Reduce uses of uninitialized arrays

[kornelski]

I'm trying to remove UB of Aligned::uninitialized() — #1572

[kornelski]

CI fails due to #3263

[kornelski]

Any comments for this PR? Is the direction good? Can it be merged despite the CI issue?

[lu-zero]

Lots of fixes should land since they are good. I hope we'll fix the dav1d situation so we can have back the tests :/

[codecov]

Codecov Report

Attention: 2 lines in your changes are missing coverage. Please review.

Files	Coverage Δ
src/asm/shared/predict.rs	99.33% <100.00%> (-0.03%)	⬇️
src/asm/shared/transform/inverse.rs	100.00% <100.00%> (ø)
src/asm/x86/quantize.rs	98.62% <100.00%> (+0.01%)	⬆️
src/asm/x86/transform/forward.rs	97.84% <100.00%> (+0.01%)	⬆️
src/context/block_unit.rs	93.71% <100.00%> (-0.01%)	⬇️
src/context/mod.rs	91.00% <100.00%> (-0.09%)	⬇️
src/context/transform_unit.rs	89.78% <100.00%> (ø)
src/quantize/mod.rs	97.28% <100.00%> (+0.03%)	⬆️
src/transform/forward.rs	100.00% <100.00%> (ø)
src/transform/mod.rs	90.71% <100.00%> (+0.05%)	⬆️
... and 2 more

📢 Thoughts on this report? Let us know!.

[barrbrain]

If all the changes in this PR were like this file, I would approve it in a heartbeat.
This is the pattern we should be following to avoid undefined behavior and double initialization.

[kornelski]

I don't understand the comment. Does that mean other files than inverse.rs are not acceptable? What do I need to change?

[kornelski]

BTW, I've wanted to use a pattern of:

let initialized = function(&mut maybe_uninit);

but that required reliably tracking the length inside the function, which would regress performance. This lead me to try some loop optimizations like #3262 but I found it wasn't always possible to have guaranteed length for free. Plus there's A LOT of uninitialized to deal with.

There are more functions using which I haven't converted yet, because I'm not actually sure they fully initialize their data!

[barrbrain]

Firstly, thank you for detailing the current sites of potential undefined behavior. Everything that maintains the current intent can be merged. Any changes that replace uninitialized() with zero-fill should be dropped and can be addressed in a follow-up PR.
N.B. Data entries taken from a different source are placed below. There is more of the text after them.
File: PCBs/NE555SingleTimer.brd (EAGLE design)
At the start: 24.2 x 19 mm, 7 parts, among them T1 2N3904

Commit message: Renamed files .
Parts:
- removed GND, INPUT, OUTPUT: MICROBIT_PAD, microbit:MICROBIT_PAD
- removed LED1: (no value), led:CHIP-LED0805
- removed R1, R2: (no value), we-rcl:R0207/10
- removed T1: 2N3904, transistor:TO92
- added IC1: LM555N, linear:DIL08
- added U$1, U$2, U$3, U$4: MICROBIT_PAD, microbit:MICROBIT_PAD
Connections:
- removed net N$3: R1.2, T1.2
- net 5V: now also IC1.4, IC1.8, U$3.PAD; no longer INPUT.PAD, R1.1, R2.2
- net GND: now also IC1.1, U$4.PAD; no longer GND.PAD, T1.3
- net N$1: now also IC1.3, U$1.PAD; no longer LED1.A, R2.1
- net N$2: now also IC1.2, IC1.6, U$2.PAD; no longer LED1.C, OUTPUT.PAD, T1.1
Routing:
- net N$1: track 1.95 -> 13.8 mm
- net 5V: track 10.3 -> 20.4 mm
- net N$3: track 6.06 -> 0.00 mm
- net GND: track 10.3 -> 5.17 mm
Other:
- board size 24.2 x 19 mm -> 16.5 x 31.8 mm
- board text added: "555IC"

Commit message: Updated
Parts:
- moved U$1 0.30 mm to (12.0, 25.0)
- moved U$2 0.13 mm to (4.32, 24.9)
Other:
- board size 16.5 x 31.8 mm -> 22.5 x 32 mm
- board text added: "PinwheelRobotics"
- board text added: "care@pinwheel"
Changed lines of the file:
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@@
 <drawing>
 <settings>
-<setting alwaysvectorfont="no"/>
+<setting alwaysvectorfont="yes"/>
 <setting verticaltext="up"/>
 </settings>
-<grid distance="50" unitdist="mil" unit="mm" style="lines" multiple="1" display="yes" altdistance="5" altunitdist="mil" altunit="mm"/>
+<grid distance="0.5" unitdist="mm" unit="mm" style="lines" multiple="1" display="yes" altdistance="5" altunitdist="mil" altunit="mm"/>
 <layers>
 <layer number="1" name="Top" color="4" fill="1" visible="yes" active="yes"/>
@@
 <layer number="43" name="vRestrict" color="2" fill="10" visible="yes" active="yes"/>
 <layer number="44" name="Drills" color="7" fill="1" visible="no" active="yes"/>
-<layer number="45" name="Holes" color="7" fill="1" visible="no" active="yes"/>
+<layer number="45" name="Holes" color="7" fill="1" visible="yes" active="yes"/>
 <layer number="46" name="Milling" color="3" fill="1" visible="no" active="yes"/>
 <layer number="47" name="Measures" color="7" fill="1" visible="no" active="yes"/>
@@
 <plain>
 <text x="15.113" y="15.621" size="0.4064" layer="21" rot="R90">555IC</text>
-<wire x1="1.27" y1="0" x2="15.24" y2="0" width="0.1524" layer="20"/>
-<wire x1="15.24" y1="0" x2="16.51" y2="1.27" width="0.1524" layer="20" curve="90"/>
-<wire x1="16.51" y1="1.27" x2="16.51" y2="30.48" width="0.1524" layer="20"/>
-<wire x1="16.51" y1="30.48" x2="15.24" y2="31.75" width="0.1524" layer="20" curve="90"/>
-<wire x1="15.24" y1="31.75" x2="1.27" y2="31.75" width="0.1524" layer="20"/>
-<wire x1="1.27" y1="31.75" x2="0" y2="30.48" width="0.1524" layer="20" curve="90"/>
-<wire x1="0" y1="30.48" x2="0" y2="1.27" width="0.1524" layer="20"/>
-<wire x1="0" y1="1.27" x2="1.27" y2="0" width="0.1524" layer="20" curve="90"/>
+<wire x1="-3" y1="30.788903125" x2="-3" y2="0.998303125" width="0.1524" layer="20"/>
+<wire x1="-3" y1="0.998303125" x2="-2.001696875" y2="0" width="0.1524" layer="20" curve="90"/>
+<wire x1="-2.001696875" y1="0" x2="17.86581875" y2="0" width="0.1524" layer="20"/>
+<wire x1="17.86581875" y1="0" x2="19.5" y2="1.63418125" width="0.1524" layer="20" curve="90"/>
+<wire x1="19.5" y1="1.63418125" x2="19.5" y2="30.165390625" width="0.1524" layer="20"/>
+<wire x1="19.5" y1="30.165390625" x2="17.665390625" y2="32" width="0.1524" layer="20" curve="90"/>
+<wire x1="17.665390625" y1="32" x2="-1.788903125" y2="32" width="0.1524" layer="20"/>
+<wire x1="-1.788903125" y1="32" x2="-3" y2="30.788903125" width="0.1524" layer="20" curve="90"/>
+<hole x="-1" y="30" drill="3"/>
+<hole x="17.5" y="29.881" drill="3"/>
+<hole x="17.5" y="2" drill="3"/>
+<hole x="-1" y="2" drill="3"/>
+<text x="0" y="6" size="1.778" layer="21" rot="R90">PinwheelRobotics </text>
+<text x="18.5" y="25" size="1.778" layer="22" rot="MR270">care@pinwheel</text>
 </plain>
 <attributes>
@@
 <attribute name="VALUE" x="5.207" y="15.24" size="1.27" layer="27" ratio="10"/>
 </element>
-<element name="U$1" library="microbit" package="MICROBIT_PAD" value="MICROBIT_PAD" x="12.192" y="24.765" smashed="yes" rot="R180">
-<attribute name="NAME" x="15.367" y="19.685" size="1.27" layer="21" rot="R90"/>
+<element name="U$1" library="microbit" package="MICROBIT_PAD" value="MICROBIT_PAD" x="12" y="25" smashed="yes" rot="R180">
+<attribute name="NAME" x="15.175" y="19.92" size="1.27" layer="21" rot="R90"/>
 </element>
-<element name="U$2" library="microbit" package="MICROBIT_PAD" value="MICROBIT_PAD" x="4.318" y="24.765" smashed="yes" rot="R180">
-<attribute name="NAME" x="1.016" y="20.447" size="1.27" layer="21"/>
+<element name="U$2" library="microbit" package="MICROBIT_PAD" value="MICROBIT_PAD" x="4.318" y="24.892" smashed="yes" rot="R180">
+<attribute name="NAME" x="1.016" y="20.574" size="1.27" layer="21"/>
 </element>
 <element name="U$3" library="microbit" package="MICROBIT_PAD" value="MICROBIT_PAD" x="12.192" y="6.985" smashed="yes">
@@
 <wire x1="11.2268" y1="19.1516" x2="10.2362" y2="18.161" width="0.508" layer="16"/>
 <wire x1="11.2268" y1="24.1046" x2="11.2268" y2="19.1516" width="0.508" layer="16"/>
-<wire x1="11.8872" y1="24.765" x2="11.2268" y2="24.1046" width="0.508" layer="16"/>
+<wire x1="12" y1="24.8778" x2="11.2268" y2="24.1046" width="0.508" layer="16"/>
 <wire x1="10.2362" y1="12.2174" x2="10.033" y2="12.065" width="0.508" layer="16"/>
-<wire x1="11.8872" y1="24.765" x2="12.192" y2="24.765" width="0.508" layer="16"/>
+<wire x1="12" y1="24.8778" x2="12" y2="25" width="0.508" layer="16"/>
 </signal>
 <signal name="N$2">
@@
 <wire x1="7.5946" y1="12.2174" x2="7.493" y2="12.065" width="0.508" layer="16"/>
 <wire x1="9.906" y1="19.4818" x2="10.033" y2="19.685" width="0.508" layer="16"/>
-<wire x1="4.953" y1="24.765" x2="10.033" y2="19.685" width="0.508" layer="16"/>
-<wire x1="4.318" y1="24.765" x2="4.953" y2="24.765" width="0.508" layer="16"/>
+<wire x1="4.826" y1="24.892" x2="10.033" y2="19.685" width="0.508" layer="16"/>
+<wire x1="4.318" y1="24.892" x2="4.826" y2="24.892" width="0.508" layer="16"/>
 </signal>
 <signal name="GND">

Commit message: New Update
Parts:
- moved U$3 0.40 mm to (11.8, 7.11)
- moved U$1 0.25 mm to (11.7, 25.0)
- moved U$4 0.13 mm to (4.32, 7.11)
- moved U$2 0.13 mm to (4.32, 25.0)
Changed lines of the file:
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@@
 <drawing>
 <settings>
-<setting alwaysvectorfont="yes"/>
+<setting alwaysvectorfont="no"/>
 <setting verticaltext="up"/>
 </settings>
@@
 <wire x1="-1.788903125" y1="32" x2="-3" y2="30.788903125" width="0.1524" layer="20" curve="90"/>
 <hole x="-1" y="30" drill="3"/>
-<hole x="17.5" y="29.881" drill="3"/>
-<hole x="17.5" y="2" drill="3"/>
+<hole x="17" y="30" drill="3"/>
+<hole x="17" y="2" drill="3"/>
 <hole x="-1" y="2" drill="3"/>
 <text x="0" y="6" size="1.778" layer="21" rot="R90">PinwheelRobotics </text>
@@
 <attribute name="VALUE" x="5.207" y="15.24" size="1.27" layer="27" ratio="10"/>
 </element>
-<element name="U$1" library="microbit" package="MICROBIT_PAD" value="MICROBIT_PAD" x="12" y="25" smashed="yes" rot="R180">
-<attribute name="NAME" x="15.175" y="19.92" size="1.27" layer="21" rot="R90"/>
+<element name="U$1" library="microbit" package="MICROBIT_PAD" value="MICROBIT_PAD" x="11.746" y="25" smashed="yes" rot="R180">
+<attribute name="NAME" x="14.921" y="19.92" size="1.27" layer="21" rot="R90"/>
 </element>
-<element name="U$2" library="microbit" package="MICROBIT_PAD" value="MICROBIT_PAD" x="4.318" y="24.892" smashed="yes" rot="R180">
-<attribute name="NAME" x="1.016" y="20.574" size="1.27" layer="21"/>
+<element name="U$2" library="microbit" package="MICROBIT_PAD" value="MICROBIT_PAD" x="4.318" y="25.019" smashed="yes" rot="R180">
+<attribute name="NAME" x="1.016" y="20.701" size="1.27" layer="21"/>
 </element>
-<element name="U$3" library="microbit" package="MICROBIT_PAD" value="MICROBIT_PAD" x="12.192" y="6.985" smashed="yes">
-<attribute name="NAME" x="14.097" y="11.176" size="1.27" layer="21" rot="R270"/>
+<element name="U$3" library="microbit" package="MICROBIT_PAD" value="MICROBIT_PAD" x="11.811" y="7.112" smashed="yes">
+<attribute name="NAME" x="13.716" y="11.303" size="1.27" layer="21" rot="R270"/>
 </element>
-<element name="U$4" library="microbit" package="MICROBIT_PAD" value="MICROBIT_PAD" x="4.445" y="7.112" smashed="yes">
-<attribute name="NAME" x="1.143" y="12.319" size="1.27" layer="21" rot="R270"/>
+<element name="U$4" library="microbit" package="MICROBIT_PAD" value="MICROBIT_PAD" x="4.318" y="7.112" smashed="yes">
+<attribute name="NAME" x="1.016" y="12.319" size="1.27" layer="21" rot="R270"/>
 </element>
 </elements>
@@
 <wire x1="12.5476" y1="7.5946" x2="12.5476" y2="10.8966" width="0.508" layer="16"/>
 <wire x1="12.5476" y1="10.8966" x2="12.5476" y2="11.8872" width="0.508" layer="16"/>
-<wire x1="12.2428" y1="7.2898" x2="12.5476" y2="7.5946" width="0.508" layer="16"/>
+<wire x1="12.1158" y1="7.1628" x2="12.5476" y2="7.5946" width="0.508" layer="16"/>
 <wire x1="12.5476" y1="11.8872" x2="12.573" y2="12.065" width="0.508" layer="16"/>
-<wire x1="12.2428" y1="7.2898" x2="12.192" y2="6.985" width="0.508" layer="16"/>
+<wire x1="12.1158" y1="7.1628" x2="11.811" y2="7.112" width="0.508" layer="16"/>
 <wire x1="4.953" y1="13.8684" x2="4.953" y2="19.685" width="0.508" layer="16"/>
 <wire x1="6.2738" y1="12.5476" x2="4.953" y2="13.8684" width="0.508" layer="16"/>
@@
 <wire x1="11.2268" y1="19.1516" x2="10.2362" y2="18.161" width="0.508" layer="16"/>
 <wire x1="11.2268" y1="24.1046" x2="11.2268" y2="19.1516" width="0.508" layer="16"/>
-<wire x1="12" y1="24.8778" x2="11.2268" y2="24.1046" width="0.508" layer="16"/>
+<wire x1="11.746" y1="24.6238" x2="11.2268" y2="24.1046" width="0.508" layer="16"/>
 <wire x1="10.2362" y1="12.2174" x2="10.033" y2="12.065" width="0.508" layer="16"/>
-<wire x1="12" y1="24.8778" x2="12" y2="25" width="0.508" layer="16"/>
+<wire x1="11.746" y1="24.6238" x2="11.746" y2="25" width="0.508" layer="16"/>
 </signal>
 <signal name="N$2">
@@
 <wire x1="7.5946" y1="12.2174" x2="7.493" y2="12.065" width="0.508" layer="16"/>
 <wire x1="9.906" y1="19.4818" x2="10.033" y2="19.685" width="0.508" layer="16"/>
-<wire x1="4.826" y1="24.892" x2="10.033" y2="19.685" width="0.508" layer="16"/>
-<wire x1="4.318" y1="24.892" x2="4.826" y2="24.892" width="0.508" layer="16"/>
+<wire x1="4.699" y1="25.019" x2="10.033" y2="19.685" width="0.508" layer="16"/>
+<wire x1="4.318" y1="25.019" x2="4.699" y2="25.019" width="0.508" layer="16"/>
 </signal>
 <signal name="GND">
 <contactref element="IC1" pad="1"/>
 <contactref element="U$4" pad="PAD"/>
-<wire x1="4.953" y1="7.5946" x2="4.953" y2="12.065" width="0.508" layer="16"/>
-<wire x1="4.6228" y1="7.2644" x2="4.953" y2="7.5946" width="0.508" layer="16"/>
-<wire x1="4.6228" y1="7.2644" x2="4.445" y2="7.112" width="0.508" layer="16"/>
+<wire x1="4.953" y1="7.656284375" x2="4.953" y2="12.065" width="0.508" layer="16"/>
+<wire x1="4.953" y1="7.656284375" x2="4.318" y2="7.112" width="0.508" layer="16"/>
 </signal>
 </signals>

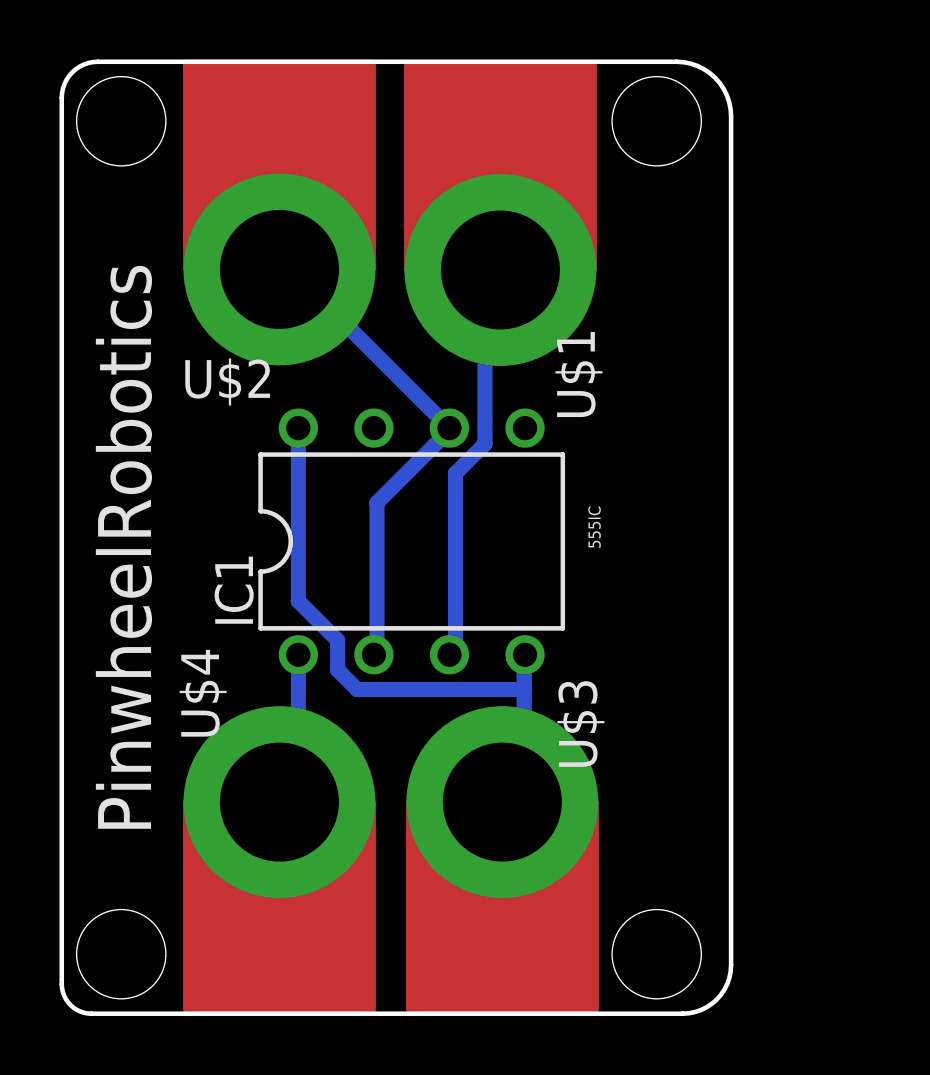
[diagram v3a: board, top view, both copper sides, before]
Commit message: New Update for board curv
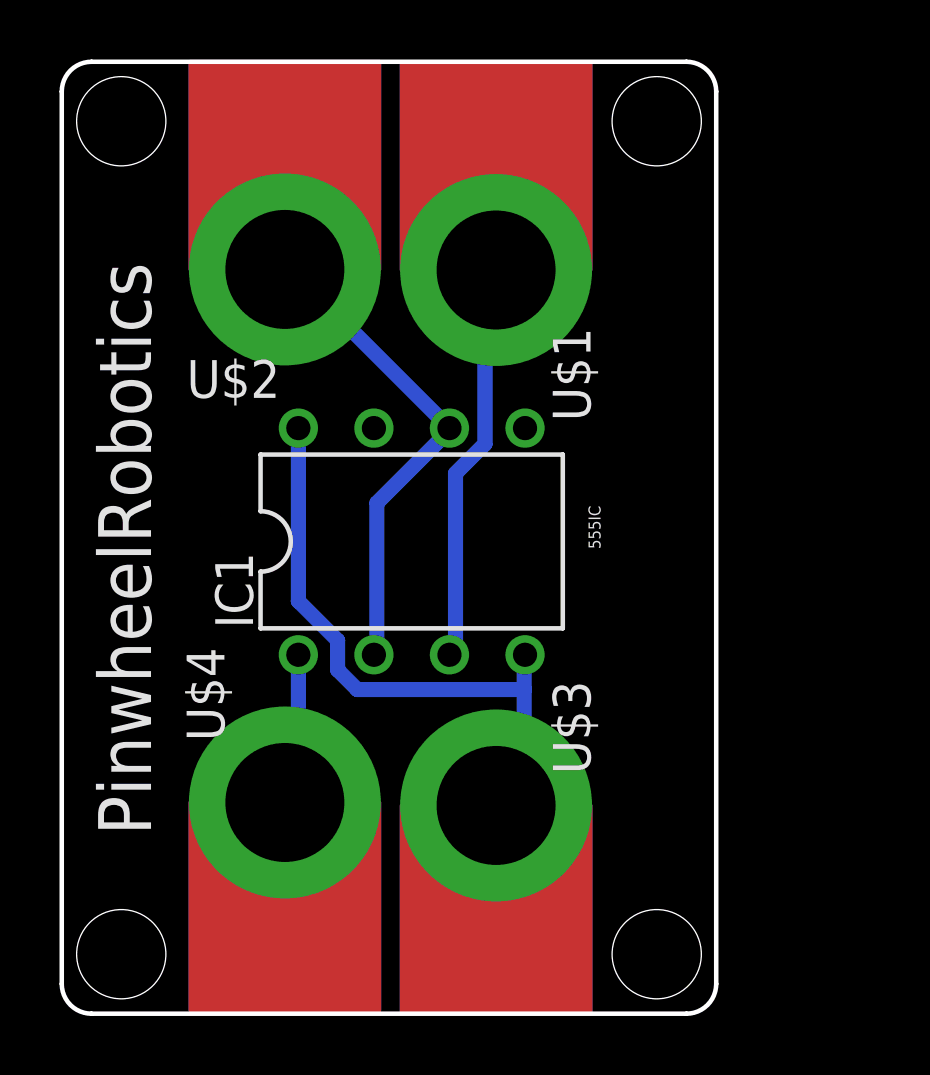
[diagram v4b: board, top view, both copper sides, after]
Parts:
- moved U$3 0.24 mm to (11.6, 7.00)
- moved U$4 0.18 mm to (4.50, 7.10)
- moved U$2 0.18 mm to (4.50, 25.0)
- moved U$1 0.15 mm to (11.6, 25.0)
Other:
- board size 22.5 x 32 mm -> 22 x 32 mm
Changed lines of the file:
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@@
 <drawing>
 <settings>
-<setting alwaysvectorfont="no"/>
+<setting alwaysvectorfont="yes"/>
 <setting verticaltext="up"/>
 </settings>
@@
 <plain>
 <text x="15.113" y="15.621" size="0.4064" layer="21" rot="R90">555IC</text>
-<wire x1="-3" y1="30.788903125" x2="-3" y2="0.998303125" width="0.1524" layer="20"/>
-<wire x1="-3" y1="0.998303125" x2="-2.001696875" y2="0" width="0.1524" layer="20" curve="90"/>
-<wire x1="-2.001696875" y1="0" x2="17.86581875" y2="0" width="0.1524" layer="20"/>
-<wire x1="17.86581875" y1="0" x2="19.5" y2="1.63418125" width="0.1524" layer="20" curve="90"/>
-<wire x1="19.5" y1="1.63418125" x2="19.5" y2="30.165390625" width="0.1524" layer="20"/>
-<wire x1="19.5" y1="30.165390625" x2="17.665390625" y2="32" width="0.1524" layer="20" curve="90"/>
-<wire x1="17.665390625" y1="32" x2="-1.788903125" y2="32" width="0.1524" layer="20"/>
-<wire x1="-1.788903125" y1="32" x2="-3" y2="30.788903125" width="0.1524" layer="20" curve="90"/>
+<wire x1="18" y1="32" x2="-2" y2="32" width="0.1524" layer="20"/>
+<wire x1="-2" y1="32" x2="-3" y2="31" width="0.1524" layer="20" curve="90"/>
+<wire x1="-3" y1="31" x2="-3" y2="1" width="0.1524" layer="20"/>
+<wire x1="-3" y1="1" x2="-2" y2="0" width="0.1524" layer="20" curve="90"/>
+<wire x1="-2" y1="0" x2="18" y2="0" width="0.1524" layer="20"/>
+<wire x1="18" y1="0" x2="19" y2="1" width="0.1524" layer="20" curve="90"/>
+<wire x1="19" y1="1" x2="19" y2="31" width="0.1524" layer="20"/>
+<wire x1="19" y1="31" x2="18" y2="32" width="0.1524" layer="20" curve="90"/>
 <hole x="-1" y="30" drill="3"/>
 <hole x="17" y="30" drill="3"/>
@@
 <attribute name="VALUE" x="5.207" y="15.24" size="1.27" layer="27" ratio="10"/>
 </element>
-<element name="U$1" library="microbit" package="MICROBIT_PAD" value="MICROBIT_PAD" x="11.746" y="25" smashed="yes" rot="R180">
-<attribute name="NAME" x="14.921" y="19.92" size="1.27" layer="21" rot="R90"/>
+<element name="U$1" library="microbit" package="MICROBIT_PAD" value="MICROBIT_PAD" x="11.6" y="25" smashed="yes" rot="R180">
+<attribute name="NAME" x="14.775" y="19.92" size="1.27" layer="21" rot="R90"/>
 </element>
-<element name="U$2" library="microbit" package="MICROBIT_PAD" value="MICROBIT_PAD" x="4.318" y="25.019" smashed="yes" rot="R180">
-<attribute name="NAME" x="1.016" y="20.701" size="1.27" layer="21"/>
+<element name="U$2" library="microbit" package="MICROBIT_PAD" value="MICROBIT_PAD" x="4.5" y="25.019" smashed="yes" rot="R180">
+<attribute name="NAME" x="1.198" y="20.701" size="1.27" layer="21"/>
 </element>
-<element name="U$3" library="microbit" package="MICROBIT_PAD" value="MICROBIT_PAD" x="11.811" y="7.112" smashed="yes">
-<attribute name="NAME" x="13.716" y="11.303" size="1.27" layer="21" rot="R270"/>
+<element name="U$3" library="microbit" package="MICROBIT_PAD" value="MICROBIT_PAD" x="11.6" y="7" smashed="yes">
+<attribute name="NAME" x="13.505" y="11.191" size="1.27" layer="21" rot="R270"/>
 </element>
-<element name="U$4" library="microbit" package="MICROBIT_PAD" value="MICROBIT_PAD" x="4.318" y="7.112" smashed="yes">
-<attribute name="NAME" x="1.016" y="12.319" size="1.27" layer="21" rot="R270"/>
+<element name="U$4" library="microbit" package="MICROBIT_PAD" value="MICROBIT_PAD" x="4.5" y="7.1" smashed="yes">
+<attribute name="NAME" x="1.198" y="12.307" size="1.27" layer="21" rot="R270"/>
 </element>
 </elements>
@@
 <wire x1="12.1158" y1="7.1628" x2="12.5476" y2="7.5946" width="0.508" layer="16"/>
 <wire x1="12.5476" y1="11.8872" x2="12.573" y2="12.065" width="0.508" layer="16"/>
-<wire x1="12.1158" y1="7.1628" x2="11.811" y2="7.112" width="0.508" layer="16"/>
+<wire x1="12.1158" y1="7.1628" x2="11.6" y2="7" width="0.508" layer="16"/>
 <wire x1="4.953" y1="13.8684" x2="4.953" y2="19.685" width="0.508" layer="16"/>
 <wire x1="6.2738" y1="12.5476" x2="4.953" y2="13.8684" width="0.508" layer="16"/>
@@
 <wire x1="11.746" y1="24.6238" x2="11.2268" y2="24.1046" width="0.508" layer="16"/>
 <wire x1="10.2362" y1="12.2174" x2="10.033" y2="12.065" width="0.508" layer="16"/>
-<wire x1="11.746" y1="24.6238" x2="11.746" y2="25" width="0.508" layer="16"/>
+<wire x1="11.746" y1="24.6238" x2="11.6" y2="25" width="0.508" layer="16"/>
 </signal>
 <signal name="N$2">
@@
 <wire x1="9.906" y1="19.4818" x2="10.033" y2="19.685" width="0.508" layer="16"/>
 <wire x1="4.699" y1="25.019" x2="10.033" y2="19.685" width="0.508" layer="16"/>
-<wire x1="4.318" y1="25.019" x2="4.699" y2="25.019" width="0.508" layer="16"/>
+<wire x1="4.5" y1="25.019" x2="4.699" y2="25.019" width="0.508" layer="16"/>
 </signal>
 <signal name="GND">
@@
 <contactref element="U$4" pad="PAD"/>
 <wire x1="4.953" y1="7.656284375" x2="4.953" y2="12.065" width="0.508" layer="16"/>
-<wire x1="4.953" y1="7.656284375" x2="4.318" y2="7.112" width="0.508" layer="16"/>
+<wire x1="4.953" y1="7.656284375" x2="4.5" y2="7.1" width="0.508" layer="16"/>
 </signal>
 </signals>

BTW, I've wanted to use a pattern of:

let initialized = function(&mut maybe_uninit);

I have recently tackled this issue in a toy project:
https://github.com/barrbrain/sudoku/blob/main/src/lib.rs#L27-L40
Some care is required with ownership semantics when crossing the unsafe boundary. This pattern is well defined:
https://github.com/barrbrain/sudoku/blob/main/src/lib.rs#L355-L356
I will see if we can add some infrastructure to ease converting the current code to well-defined.

[lu-zero]

Once MaybeUninit::uninit_array hits stable I guess a lot would be easier.
Probably we could change some Vec in Box<[]> to make more evident that the size is fixed meanwhile.

(also, thank you again for taking care of this :))

[kornelski]

The only cases of zero-fill (I assume you mean from_fn(|| 0)) are in benchmarks, outside of the benchmarked section. I assume they're not important, since they're neither in the library, nor performance-critical. So I've just changed them for simplicity and determinism.

[barrbrain]

Looks good to me. Sorry that I missed the zero-fill changes were limited to tests and benchmarks.